- Task item
Every line below that mentions the word "between" should be copied out.

[Dataset items]
-------
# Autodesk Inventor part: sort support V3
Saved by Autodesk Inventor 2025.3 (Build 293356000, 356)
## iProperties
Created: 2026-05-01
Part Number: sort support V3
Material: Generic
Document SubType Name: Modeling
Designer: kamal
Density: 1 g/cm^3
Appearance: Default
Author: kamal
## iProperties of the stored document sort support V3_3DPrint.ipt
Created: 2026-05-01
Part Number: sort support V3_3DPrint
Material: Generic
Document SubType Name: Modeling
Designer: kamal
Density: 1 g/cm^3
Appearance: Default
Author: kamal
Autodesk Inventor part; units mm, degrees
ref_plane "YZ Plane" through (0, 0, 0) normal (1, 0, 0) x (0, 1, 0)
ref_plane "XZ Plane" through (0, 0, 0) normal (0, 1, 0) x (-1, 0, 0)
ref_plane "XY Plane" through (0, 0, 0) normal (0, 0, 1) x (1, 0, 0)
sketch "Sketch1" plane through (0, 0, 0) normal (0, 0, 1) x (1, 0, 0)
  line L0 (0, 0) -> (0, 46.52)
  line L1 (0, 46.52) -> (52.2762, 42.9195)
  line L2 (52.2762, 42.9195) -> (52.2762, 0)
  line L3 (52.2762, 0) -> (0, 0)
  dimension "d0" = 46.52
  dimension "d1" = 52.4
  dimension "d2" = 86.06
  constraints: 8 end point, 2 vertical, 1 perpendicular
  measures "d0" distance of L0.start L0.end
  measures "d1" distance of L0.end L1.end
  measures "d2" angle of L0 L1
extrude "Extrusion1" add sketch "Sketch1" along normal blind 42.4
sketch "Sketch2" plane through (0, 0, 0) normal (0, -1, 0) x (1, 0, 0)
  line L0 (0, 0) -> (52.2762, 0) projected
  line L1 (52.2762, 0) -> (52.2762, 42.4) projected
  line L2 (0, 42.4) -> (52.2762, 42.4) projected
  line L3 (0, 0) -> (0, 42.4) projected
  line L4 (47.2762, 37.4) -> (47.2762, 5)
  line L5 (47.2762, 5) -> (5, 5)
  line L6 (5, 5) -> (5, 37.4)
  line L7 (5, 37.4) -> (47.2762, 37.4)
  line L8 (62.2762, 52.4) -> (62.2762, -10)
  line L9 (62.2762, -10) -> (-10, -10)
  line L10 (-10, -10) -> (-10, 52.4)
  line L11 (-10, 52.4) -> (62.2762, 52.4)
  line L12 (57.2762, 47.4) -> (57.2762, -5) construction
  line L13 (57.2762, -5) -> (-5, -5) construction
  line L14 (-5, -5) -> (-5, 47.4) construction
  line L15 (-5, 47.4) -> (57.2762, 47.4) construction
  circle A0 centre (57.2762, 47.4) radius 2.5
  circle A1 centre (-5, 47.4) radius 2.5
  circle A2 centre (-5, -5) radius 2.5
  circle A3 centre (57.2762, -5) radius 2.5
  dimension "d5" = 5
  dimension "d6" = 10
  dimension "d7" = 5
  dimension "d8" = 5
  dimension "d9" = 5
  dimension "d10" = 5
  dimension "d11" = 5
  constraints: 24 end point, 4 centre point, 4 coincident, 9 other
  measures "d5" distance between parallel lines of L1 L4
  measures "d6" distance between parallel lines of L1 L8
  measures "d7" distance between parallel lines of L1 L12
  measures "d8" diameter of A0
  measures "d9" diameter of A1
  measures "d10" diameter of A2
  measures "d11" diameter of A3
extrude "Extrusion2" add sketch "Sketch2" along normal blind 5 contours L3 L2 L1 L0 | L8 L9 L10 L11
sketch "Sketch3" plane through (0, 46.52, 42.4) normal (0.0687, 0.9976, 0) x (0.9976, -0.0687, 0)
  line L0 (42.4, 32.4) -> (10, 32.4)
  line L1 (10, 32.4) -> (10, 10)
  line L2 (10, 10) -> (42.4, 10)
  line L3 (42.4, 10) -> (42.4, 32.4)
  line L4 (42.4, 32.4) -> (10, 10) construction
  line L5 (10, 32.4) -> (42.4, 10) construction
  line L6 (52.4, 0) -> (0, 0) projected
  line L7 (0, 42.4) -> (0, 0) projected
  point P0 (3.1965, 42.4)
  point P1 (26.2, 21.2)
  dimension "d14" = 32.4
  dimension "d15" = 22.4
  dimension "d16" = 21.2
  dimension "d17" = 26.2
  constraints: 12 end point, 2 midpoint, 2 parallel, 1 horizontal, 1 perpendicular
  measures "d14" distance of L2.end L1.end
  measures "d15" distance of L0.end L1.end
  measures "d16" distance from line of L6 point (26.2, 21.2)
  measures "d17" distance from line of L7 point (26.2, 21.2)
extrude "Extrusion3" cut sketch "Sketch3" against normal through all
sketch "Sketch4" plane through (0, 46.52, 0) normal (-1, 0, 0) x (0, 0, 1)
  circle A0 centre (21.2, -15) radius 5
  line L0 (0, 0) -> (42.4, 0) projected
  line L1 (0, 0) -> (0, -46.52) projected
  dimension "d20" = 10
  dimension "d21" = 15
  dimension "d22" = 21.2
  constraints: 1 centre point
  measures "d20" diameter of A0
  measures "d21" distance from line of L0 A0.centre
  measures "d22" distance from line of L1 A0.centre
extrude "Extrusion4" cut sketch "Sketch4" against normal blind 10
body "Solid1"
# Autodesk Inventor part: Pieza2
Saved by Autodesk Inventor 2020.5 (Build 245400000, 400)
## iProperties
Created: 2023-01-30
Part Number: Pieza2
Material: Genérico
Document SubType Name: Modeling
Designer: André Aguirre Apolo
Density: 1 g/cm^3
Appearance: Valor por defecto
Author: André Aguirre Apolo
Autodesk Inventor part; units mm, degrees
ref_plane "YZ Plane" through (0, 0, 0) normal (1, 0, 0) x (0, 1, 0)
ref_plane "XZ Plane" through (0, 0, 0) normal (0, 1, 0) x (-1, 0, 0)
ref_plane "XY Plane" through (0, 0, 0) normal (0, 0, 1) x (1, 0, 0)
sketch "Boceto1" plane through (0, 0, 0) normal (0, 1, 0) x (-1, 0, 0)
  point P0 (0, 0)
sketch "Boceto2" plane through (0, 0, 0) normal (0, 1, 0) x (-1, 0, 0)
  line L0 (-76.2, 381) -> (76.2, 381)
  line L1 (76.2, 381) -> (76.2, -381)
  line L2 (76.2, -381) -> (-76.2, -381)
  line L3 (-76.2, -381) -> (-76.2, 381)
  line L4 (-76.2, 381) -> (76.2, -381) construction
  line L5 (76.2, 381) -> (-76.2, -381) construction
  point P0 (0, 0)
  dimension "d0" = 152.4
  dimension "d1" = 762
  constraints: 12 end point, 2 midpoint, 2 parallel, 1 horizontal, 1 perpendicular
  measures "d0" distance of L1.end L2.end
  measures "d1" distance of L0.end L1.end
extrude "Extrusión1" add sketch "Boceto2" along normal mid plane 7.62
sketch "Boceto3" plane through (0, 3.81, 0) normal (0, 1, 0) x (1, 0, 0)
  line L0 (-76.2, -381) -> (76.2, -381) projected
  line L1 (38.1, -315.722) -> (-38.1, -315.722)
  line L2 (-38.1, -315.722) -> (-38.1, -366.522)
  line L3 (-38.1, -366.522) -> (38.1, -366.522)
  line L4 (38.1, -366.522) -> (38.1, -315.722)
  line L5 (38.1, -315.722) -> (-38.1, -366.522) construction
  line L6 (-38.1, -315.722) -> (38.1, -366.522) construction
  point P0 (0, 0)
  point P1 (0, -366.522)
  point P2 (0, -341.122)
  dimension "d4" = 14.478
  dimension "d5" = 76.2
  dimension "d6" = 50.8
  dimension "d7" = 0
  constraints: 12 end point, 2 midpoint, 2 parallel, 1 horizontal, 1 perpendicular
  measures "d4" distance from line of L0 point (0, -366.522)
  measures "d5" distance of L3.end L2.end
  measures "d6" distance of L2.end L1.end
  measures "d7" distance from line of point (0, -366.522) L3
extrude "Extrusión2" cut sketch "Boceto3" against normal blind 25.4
-------
- Solution to this problem
  measures "d5" distance between parallel lines of L1 L4
  measures "d6" distance between parallel lines of L1 L8
  measures "d7" distance between parallel lines of L1 L12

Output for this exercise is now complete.